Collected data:
──────────────────────────────

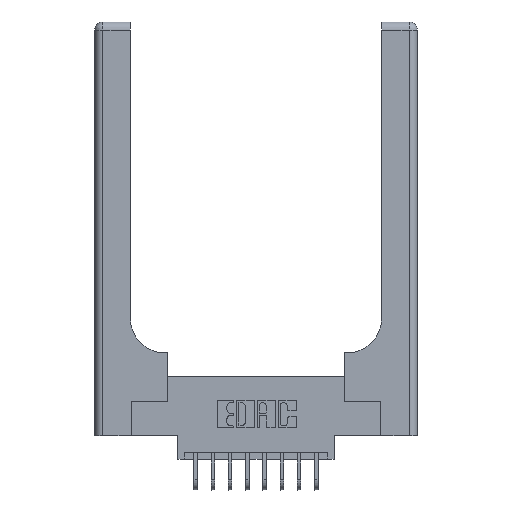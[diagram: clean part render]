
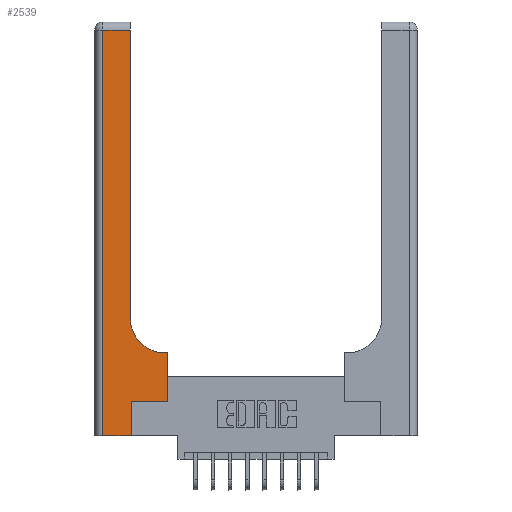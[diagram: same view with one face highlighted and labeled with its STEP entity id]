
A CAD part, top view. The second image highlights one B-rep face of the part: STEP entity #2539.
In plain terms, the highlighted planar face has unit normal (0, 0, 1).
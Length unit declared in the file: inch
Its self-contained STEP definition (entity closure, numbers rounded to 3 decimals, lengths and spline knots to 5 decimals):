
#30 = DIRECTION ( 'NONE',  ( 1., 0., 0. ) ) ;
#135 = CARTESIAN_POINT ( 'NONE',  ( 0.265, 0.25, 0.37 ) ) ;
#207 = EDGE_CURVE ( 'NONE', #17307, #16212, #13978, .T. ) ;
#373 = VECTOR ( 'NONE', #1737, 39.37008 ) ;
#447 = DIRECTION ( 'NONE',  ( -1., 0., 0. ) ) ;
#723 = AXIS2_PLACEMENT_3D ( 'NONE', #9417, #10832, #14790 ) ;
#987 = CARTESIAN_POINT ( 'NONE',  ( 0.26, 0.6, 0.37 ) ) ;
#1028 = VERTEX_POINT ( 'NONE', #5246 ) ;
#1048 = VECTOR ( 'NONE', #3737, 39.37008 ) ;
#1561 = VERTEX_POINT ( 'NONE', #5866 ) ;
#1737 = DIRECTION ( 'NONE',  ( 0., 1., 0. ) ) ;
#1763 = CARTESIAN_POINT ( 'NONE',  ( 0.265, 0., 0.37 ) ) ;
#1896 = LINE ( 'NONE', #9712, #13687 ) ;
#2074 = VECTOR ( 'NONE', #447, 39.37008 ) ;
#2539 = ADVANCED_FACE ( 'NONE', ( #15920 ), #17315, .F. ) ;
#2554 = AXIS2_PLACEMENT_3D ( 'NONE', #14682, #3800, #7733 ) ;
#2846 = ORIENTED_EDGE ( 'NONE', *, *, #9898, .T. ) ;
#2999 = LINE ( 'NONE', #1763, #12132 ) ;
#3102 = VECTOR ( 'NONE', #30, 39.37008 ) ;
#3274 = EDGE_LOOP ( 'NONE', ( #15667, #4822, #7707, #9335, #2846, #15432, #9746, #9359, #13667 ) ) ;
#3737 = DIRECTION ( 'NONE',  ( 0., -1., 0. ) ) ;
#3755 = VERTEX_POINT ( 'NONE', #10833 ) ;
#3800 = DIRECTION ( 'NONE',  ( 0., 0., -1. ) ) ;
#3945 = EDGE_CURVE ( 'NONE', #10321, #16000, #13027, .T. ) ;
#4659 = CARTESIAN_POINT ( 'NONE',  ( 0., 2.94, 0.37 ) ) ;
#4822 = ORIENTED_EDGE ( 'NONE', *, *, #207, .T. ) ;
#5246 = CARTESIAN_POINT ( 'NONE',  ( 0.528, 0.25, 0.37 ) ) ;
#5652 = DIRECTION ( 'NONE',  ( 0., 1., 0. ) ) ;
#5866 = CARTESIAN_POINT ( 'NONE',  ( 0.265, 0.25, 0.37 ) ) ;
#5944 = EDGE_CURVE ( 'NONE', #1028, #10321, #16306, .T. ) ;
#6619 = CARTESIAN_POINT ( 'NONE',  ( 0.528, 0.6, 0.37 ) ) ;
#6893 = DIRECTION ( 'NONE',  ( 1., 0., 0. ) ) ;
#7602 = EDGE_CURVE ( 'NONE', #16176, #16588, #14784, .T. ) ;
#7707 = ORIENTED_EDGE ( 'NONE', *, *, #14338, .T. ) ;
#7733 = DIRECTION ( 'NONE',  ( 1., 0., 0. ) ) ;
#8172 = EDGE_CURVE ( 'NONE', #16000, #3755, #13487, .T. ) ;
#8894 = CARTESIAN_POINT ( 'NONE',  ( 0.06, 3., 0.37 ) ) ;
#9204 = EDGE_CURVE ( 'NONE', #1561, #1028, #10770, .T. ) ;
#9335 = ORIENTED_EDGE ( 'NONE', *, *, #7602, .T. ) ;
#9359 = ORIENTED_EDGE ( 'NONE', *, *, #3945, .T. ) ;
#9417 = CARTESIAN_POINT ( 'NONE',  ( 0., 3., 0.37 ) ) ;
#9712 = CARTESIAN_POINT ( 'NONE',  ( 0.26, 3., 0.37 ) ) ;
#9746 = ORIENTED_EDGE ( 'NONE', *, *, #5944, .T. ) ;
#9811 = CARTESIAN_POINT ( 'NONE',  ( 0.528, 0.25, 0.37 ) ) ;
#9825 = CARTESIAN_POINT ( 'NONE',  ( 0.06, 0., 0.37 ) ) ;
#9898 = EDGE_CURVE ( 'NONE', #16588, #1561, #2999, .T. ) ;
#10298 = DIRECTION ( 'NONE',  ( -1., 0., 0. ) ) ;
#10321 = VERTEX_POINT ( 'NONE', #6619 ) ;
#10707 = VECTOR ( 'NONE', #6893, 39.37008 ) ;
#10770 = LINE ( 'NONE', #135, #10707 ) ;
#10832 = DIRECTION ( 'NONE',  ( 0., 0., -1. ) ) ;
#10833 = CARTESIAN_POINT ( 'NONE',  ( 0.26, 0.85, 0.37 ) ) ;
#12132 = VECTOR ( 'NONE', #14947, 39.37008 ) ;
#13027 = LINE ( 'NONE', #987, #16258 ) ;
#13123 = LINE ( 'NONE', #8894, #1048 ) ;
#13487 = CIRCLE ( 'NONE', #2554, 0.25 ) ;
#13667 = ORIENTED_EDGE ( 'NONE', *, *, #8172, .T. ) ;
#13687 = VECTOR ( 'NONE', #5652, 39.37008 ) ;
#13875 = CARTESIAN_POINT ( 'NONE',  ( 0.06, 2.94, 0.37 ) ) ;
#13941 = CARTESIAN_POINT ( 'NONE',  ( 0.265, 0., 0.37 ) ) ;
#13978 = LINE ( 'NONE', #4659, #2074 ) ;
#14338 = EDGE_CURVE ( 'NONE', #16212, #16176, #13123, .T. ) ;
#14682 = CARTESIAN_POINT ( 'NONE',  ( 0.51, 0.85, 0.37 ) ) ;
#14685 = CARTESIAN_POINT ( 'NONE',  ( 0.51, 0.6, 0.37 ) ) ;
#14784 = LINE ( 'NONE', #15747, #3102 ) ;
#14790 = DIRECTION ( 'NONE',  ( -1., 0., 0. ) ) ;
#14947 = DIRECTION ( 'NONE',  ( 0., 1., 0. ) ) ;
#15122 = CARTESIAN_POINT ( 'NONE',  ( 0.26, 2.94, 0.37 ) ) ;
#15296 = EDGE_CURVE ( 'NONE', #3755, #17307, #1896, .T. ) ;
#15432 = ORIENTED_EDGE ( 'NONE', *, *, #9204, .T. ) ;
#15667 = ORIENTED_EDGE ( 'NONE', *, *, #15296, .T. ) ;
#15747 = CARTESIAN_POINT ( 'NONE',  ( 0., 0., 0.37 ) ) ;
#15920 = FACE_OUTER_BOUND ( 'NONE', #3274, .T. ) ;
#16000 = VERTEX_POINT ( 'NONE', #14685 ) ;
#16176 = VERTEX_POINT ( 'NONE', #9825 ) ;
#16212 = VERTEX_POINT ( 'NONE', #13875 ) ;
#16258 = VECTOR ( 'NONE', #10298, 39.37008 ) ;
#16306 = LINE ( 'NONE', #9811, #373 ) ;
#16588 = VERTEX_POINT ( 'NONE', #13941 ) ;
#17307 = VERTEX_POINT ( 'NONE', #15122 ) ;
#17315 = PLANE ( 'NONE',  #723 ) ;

──────────────────────────────

EXERCISE:
With the images left out, set down each record exactly as it appears.

REPLY:
[diagram: clean part render]
[diagram: same view with one face highlighted and labeled with its STEP entity id]
A CAD part, top view. The second image highlights one B-rep face of the part: STEP entity #2539.
In plain terms, the highlighted planar face has unit normal (0, 0, 1).
Length unit declared in the file: inch
Its self-contained STEP definition (entity closure, numbers rounded to 3 decimals, lengths and spline knots to 5 decimals):
#30 = DIRECTION ( 'NONE',  ( 1., 0., 0. ) ) ;
#135 = CARTESIAN_POINT ( 'NONE',  ( 0.265, 0.25, 0.37 ) ) ;
#207 = EDGE_CURVE ( 'NONE', #17307, #16212, #13978, .T. ) ;
#373 = VECTOR ( 'NONE', #1737, 39.37008 ) ;
#447 = DIRECTION ( 'NONE',  ( -1., 0., 0. ) ) ;
#723 = AXIS2_PLACEMENT_3D ( 'NONE', #9417, #10832, #14790 ) ;
#987 = CARTESIAN_POINT ( 'NONE',  ( 0.26, 0.6, 0.37 ) ) ;
#1028 = VERTEX_POINT ( 'NONE', #5246 ) ;
#1048 = VECTOR ( 'NONE', #3737, 39.37008 ) ;
#1561 = VERTEX_POINT ( 'NONE', #5866 ) ;
#1737 = DIRECTION ( 'NONE',  ( 0., 1., 0. ) ) ;
#1763 = CARTESIAN_POINT ( 'NONE',  ( 0.265, 0., 0.37 ) ) ;
#1896 = LINE ( 'NONE', #9712, #13687 ) ;
#2074 = VECTOR ( 'NONE', #447, 39.37008 ) ;
#2539 = ADVANCED_FACE ( 'NONE', ( #15920 ), #17315, .F. ) ;
#2554 = AXIS2_PLACEMENT_3D ( 'NONE', #14682, #3800, #7733 ) ;
#2846 = ORIENTED_EDGE ( 'NONE', *, *, #9898, .T. ) ;
#2999 = LINE ( 'NONE', #1763, #12132 ) ;
#3102 = VECTOR ( 'NONE', #30, 39.37008 ) ;
#3274 = EDGE_LOOP ( 'NONE', ( #15667, #4822, #7707, #9335, #2846, #15432, #9746, #9359, #13667 ) ) ;
#3737 = DIRECTION ( 'NONE',  ( 0., -1., 0. ) ) ;
#3755 = VERTEX_POINT ( 'NONE', #10833 ) ;
#3800 = DIRECTION ( 'NONE',  ( 0., 0., -1. ) ) ;
#3945 = EDGE_CURVE ( 'NONE', #10321, #16000, #13027, .T. ) ;
#4659 = CARTESIAN_POINT ( 'NONE',  ( 0., 2.94, 0.37 ) ) ;
#4822 = ORIENTED_EDGE ( 'NONE', *, *, #207, .T. ) ;
#5246 = CARTESIAN_POINT ( 'NONE',  ( 0.528, 0.25, 0.37 ) ) ;
#5652 = DIRECTION ( 'NONE',  ( 0., 1., 0. ) ) ;
#5866 = CARTESIAN_POINT ( 'NONE',  ( 0.265, 0.25, 0.37 ) ) ;
#5944 = EDGE_CURVE ( 'NONE', #1028, #10321, #16306, .T. ) ;
#6619 = CARTESIAN_POINT ( 'NONE',  ( 0.528, 0.6, 0.37 ) ) ;
#6893 = DIRECTION ( 'NONE',  ( 1., 0., 0. ) ) ;
#7602 = EDGE_CURVE ( 'NONE', #16176, #16588, #14784, .T. ) ;
#7707 = ORIENTED_EDGE ( 'NONE', *, *, #14338, .T. ) ;
#7733 = DIRECTION ( 'NONE',  ( 1., 0., 0. ) ) ;
#8172 = EDGE_CURVE ( 'NONE', #16000, #3755, #13487, .T. ) ;
#8894 = CARTESIAN_POINT ( 'NONE',  ( 0.06, 3., 0.37 ) ) ;
#9204 = EDGE_CURVE ( 'NONE', #1561, #1028, #10770, .T. ) ;
#9335 = ORIENTED_EDGE ( 'NONE', *, *, #7602, .T. ) ;
#9359 = ORIENTED_EDGE ( 'NONE', *, *, #3945, .T. ) ;
#9417 = CARTESIAN_POINT ( 'NONE',  ( 0., 3., 0.37 ) ) ;
#9712 = CARTESIAN_POINT ( 'NONE',  ( 0.26, 3., 0.37 ) ) ;
#9746 = ORIENTED_EDGE ( 'NONE', *, *, #5944, .T. ) ;
#9811 = CARTESIAN_POINT ( 'NONE',  ( 0.528, 0.25, 0.37 ) ) ;
#9825 = CARTESIAN_POINT ( 'NONE',  ( 0.06, 0., 0.37 ) ) ;
#9898 = EDGE_CURVE ( 'NONE', #16588, #1561, #2999, .T. ) ;
#10298 = DIRECTION ( 'NONE',  ( -1., 0., 0. ) ) ;
#10321 = VERTEX_POINT ( 'NONE', #6619 ) ;
#10707 = VECTOR ( 'NONE', #6893, 39.37008 ) ;
#10770 = LINE ( 'NONE', #135, #10707 ) ;
#10832 = DIRECTION ( 'NONE',  ( 0., 0., -1. ) ) ;
#10833 = CARTESIAN_POINT ( 'NONE',  ( 0.26, 0.85, 0.37 ) ) ;
#12132 = VECTOR ( 'NONE', #14947, 39.37008 ) ;
#13027 = LINE ( 'NONE', #987, #16258 ) ;
#13123 = LINE ( 'NONE', #8894, #1048 ) ;
#13487 = CIRCLE ( 'NONE', #2554, 0.25 ) ;
#13667 = ORIENTED_EDGE ( 'NONE', *, *, #8172, .T. ) ;
#13687 = VECTOR ( 'NONE', #5652, 39.37008 ) ;
#13875 = CARTESIAN_POINT ( 'NONE',  ( 0.06, 2.94, 0.37 ) ) ;
#13941 = CARTESIAN_POINT ( 'NONE',  ( 0.265, 0., 0.37 ) ) ;
#13978 = LINE ( 'NONE', #4659, #2074 ) ;
#14338 = EDGE_CURVE ( 'NONE', #16212, #16176, #13123, .T. ) ;
#14682 = CARTESIAN_POINT ( 'NONE',  ( 0.51, 0.85, 0.37 ) ) ;
#14685 = CARTESIAN_POINT ( 'NONE',  ( 0.51, 0.6, 0.37 ) ) ;
#14784 = LINE ( 'NONE', #15747, #3102 ) ;
#14790 = DIRECTION ( 'NONE',  ( -1., 0., 0. ) ) ;
#14947 = DIRECTION ( 'NONE',  ( 0., 1., 0. ) ) ;
#15122 = CARTESIAN_POINT ( 'NONE',  ( 0.26, 2.94, 0.37 ) ) ;
#15296 = EDGE_CURVE ( 'NONE', #3755, #17307, #1896, .T. ) ;
#15432 = ORIENTED_EDGE ( 'NONE', *, *, #9204, .T. ) ;
#15667 = ORIENTED_EDGE ( 'NONE', *, *, #15296, .T. ) ;
#15747 = CARTESIAN_POINT ( 'NONE',  ( 0., 0., 0.37 ) ) ;
#15920 = FACE_OUTER_BOUND ( 'NONE', #3274, .T. ) ;
#16000 = VERTEX_POINT ( 'NONE', #14685 ) ;
#16176 = VERTEX_POINT ( 'NONE', #9825 ) ;
#16212 = VERTEX_POINT ( 'NONE', #13875 ) ;
#16258 = VECTOR ( 'NONE', #10298, 39.37008 ) ;
#16306 = LINE ( 'NONE', #9811, #373 ) ;
#16588 = VERTEX_POINT ( 'NONE', #13941 ) ;
#17307 = VERTEX_POINT ( 'NONE', #15122 ) ;
#17315 = PLANE ( 'NONE',  #723 ) ;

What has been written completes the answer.